## What the exercise asks:
Once the line with "#208=EDGE_CURVE('E144',#207,#207,#205,.T.);" is found, return it along with every line after it, exactly, through the end of the material.

======== The data ========

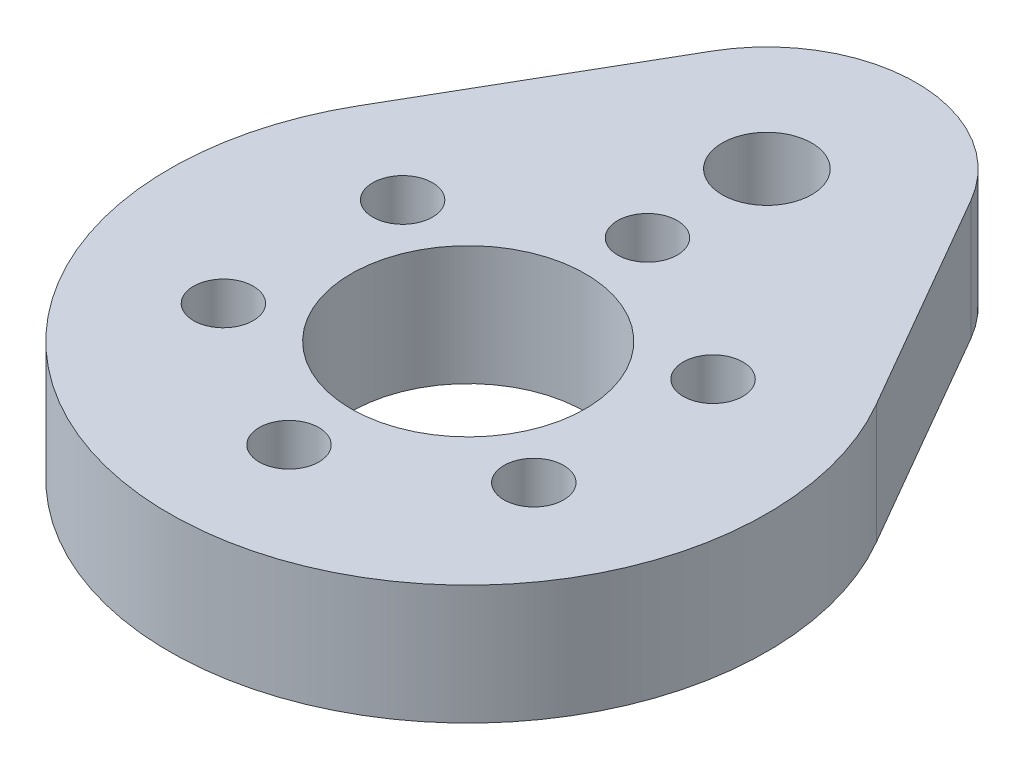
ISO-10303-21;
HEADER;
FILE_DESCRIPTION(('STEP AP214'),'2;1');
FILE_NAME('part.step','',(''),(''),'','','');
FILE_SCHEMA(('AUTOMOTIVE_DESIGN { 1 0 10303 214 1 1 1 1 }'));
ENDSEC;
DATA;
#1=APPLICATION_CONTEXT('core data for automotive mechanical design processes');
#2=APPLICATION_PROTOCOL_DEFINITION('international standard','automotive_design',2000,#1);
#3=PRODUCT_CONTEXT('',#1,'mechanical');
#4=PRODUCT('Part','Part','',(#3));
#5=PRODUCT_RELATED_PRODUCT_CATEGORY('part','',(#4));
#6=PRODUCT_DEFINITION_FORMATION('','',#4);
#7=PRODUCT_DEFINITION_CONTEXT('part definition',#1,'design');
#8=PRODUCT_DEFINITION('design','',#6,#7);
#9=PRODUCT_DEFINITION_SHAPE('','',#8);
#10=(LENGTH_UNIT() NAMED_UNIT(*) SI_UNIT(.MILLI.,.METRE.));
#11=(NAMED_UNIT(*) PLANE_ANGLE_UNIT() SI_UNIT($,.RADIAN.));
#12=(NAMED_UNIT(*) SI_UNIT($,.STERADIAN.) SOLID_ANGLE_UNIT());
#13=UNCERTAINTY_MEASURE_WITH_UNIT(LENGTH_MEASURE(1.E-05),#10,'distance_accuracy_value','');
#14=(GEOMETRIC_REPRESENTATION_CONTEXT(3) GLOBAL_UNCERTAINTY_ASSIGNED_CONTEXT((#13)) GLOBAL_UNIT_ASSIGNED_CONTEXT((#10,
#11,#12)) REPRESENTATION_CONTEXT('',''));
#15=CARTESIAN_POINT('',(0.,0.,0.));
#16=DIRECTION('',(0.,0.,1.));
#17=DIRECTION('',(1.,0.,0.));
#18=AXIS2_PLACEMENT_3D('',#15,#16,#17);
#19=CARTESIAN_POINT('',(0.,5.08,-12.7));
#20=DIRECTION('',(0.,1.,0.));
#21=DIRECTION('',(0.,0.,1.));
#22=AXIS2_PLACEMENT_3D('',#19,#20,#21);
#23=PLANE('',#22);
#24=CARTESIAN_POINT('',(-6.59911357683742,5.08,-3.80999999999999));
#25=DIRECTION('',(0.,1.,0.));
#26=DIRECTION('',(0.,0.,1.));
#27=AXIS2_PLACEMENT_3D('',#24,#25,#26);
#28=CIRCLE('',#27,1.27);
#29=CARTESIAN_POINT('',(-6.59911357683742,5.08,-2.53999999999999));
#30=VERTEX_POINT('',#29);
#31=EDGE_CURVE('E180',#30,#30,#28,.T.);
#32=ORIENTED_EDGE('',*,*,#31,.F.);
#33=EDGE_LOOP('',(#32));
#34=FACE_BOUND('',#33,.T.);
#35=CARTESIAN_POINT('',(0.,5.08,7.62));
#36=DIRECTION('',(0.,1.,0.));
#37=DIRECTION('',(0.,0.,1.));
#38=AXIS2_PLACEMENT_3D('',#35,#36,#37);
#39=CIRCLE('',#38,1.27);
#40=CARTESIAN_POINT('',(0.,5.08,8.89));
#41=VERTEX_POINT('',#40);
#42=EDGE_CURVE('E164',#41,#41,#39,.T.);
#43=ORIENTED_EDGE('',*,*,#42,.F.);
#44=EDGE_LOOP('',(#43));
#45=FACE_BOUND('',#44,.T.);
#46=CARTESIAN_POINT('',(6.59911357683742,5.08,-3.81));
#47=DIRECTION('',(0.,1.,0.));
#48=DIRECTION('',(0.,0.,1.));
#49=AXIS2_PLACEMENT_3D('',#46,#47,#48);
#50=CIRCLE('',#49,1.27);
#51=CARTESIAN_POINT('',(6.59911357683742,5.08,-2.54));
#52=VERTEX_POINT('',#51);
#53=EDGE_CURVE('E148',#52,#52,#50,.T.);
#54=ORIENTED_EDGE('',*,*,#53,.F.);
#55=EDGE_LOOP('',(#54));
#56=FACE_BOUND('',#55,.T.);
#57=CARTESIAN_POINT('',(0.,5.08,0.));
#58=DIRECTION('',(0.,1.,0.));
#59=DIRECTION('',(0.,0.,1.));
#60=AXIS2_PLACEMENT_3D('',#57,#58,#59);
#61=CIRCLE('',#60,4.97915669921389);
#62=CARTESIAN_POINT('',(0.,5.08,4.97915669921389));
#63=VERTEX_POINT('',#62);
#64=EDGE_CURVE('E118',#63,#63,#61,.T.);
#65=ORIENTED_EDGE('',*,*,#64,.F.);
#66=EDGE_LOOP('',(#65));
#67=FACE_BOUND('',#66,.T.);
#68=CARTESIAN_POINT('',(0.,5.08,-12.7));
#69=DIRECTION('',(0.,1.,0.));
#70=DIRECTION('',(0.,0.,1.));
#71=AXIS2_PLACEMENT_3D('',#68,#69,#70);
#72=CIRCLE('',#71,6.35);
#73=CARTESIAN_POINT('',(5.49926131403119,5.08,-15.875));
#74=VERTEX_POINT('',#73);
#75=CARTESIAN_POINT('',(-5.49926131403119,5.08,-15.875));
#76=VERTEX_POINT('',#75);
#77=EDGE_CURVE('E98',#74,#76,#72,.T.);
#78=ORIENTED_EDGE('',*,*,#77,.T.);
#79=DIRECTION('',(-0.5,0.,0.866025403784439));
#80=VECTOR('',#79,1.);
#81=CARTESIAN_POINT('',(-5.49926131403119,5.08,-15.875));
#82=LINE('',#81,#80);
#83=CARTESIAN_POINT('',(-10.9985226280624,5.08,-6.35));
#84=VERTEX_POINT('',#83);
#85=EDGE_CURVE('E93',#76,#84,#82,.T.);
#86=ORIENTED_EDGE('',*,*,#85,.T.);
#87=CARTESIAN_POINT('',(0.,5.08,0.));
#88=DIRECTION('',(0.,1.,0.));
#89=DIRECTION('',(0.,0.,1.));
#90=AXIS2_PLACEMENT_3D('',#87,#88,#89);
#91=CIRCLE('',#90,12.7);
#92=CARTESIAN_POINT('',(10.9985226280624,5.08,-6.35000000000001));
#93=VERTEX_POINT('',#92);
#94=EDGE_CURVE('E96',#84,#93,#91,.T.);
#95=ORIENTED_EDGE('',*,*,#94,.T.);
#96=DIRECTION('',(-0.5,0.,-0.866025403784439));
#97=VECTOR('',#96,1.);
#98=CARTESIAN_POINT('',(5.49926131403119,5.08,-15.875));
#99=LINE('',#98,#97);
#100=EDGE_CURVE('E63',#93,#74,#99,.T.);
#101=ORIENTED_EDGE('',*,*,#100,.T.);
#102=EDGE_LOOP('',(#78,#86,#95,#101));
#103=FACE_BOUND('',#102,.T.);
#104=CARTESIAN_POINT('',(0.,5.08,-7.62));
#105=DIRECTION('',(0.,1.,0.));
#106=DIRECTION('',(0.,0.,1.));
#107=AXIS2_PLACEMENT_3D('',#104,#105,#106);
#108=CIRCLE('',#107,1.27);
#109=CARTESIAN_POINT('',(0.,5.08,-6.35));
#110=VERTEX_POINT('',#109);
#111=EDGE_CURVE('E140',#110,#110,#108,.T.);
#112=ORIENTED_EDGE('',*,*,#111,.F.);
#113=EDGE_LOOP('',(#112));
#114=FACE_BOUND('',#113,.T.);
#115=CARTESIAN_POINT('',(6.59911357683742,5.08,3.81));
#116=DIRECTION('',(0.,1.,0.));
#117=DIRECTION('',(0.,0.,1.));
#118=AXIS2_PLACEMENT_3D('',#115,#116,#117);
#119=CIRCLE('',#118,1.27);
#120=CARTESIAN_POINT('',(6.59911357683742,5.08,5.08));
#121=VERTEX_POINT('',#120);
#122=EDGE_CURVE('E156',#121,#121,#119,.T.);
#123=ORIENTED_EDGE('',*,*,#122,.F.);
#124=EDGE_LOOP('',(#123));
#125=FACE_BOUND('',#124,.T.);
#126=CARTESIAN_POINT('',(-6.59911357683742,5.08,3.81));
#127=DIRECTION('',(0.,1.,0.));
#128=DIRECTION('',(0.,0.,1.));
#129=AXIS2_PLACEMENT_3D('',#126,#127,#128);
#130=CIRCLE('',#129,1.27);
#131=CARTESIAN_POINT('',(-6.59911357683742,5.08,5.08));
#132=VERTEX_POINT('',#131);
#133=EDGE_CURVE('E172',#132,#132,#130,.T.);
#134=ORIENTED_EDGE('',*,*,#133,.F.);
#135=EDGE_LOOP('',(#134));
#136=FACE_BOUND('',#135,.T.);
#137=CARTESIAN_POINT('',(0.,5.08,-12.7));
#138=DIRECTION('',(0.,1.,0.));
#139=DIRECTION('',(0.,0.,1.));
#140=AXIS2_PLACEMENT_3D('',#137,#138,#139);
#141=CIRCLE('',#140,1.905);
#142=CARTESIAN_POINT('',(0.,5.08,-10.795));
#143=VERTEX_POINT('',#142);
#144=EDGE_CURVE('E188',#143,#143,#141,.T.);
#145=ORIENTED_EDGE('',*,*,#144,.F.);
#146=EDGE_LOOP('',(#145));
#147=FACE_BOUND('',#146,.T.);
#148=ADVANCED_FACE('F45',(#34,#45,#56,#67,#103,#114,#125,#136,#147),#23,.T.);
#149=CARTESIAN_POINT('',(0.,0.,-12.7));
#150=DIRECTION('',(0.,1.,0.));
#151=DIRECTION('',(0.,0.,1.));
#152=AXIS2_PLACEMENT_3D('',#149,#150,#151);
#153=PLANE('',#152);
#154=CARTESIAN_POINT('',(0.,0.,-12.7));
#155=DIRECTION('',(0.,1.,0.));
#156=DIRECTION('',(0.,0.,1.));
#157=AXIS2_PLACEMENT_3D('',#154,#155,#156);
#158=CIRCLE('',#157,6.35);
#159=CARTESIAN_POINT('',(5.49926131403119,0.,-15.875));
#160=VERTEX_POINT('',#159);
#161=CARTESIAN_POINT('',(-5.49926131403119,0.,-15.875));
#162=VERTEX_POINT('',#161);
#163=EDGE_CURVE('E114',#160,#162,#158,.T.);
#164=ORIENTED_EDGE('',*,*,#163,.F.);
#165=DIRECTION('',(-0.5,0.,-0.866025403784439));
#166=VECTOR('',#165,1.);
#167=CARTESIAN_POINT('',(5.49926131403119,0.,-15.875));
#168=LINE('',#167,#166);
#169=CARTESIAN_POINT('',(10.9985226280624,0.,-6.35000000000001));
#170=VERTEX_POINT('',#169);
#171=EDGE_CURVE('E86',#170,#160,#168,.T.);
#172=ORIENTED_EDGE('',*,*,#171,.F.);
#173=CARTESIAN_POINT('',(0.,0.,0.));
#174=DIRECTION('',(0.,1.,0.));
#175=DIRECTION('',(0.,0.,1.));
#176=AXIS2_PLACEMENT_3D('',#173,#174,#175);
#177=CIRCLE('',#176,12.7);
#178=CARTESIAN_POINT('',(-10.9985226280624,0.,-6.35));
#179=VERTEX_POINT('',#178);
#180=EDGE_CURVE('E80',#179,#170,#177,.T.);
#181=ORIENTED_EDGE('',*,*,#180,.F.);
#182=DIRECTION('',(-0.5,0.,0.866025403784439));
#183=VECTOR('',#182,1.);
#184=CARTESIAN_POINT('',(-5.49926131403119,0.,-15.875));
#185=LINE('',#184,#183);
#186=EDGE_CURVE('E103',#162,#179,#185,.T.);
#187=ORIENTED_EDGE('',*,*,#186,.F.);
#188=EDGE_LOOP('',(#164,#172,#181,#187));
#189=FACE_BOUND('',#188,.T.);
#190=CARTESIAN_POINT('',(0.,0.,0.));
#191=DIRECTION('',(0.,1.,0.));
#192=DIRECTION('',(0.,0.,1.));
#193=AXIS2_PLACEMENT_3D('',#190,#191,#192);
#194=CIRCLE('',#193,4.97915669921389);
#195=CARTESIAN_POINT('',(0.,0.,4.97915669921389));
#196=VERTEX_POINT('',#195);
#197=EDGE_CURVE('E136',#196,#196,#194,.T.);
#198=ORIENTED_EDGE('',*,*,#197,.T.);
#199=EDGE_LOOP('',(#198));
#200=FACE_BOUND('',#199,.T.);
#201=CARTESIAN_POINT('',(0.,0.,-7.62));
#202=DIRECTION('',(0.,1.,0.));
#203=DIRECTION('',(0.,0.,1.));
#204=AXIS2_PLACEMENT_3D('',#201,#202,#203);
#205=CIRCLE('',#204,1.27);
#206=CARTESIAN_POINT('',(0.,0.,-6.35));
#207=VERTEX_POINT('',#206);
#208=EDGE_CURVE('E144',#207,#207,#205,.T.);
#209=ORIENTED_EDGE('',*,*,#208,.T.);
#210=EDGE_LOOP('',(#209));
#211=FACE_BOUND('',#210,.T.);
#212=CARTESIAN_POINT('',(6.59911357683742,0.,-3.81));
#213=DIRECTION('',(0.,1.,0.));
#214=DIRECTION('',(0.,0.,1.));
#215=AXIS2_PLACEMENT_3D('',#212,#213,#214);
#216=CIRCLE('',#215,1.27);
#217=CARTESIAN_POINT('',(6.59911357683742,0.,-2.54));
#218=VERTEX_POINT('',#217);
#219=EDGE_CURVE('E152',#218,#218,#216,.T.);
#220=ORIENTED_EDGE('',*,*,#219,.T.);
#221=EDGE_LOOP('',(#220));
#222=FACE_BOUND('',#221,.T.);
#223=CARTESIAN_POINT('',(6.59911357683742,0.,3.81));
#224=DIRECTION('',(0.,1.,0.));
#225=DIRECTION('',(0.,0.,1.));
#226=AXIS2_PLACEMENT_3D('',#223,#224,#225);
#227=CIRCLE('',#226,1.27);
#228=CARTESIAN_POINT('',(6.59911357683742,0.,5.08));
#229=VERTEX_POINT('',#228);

========

## Reply to the exercise:
#208=EDGE_CURVE('E144',#207,#207,#205,.T.);
#209=ORIENTED_EDGE('',*,*,#208,.T.);
#210=EDGE_LOOP('',(#209));
#211=FACE_BOUND('',#210,.T.);
#212=CARTESIAN_POINT('',(6.59911357683742,0.,-3.81));
#213=DIRECTION('',(0.,1.,0.));
#214=DIRECTION('',(0.,0.,1.));
#215=AXIS2_PLACEMENT_3D('',#212,#213,#214);
#216=CIRCLE('',#215,1.27);
#217=CARTESIAN_POINT('',(6.59911357683742,0.,-2.54));
#218=VERTEX_POINT('',#217);
#219=EDGE_CURVE('E152',#218,#218,#216,.T.);
#220=ORIENTED_EDGE('',*,*,#219,.T.);
#221=EDGE_LOOP('',(#220));
#222=FACE_BOUND('',#221,.T.);
#223=CARTESIAN_POINT('',(6.59911357683742,0.,3.81));
#224=DIRECTION('',(0.,1.,0.));
#225=DIRECTION('',(0.,0.,1.));
#226=AXIS2_PLACEMENT_3D('',#223,#224,#225);
#227=CIRCLE('',#226,1.27);
#228=CARTESIAN_POINT('',(6.59911357683742,0.,5.08));
#229=VERTEX_POINT('',#228);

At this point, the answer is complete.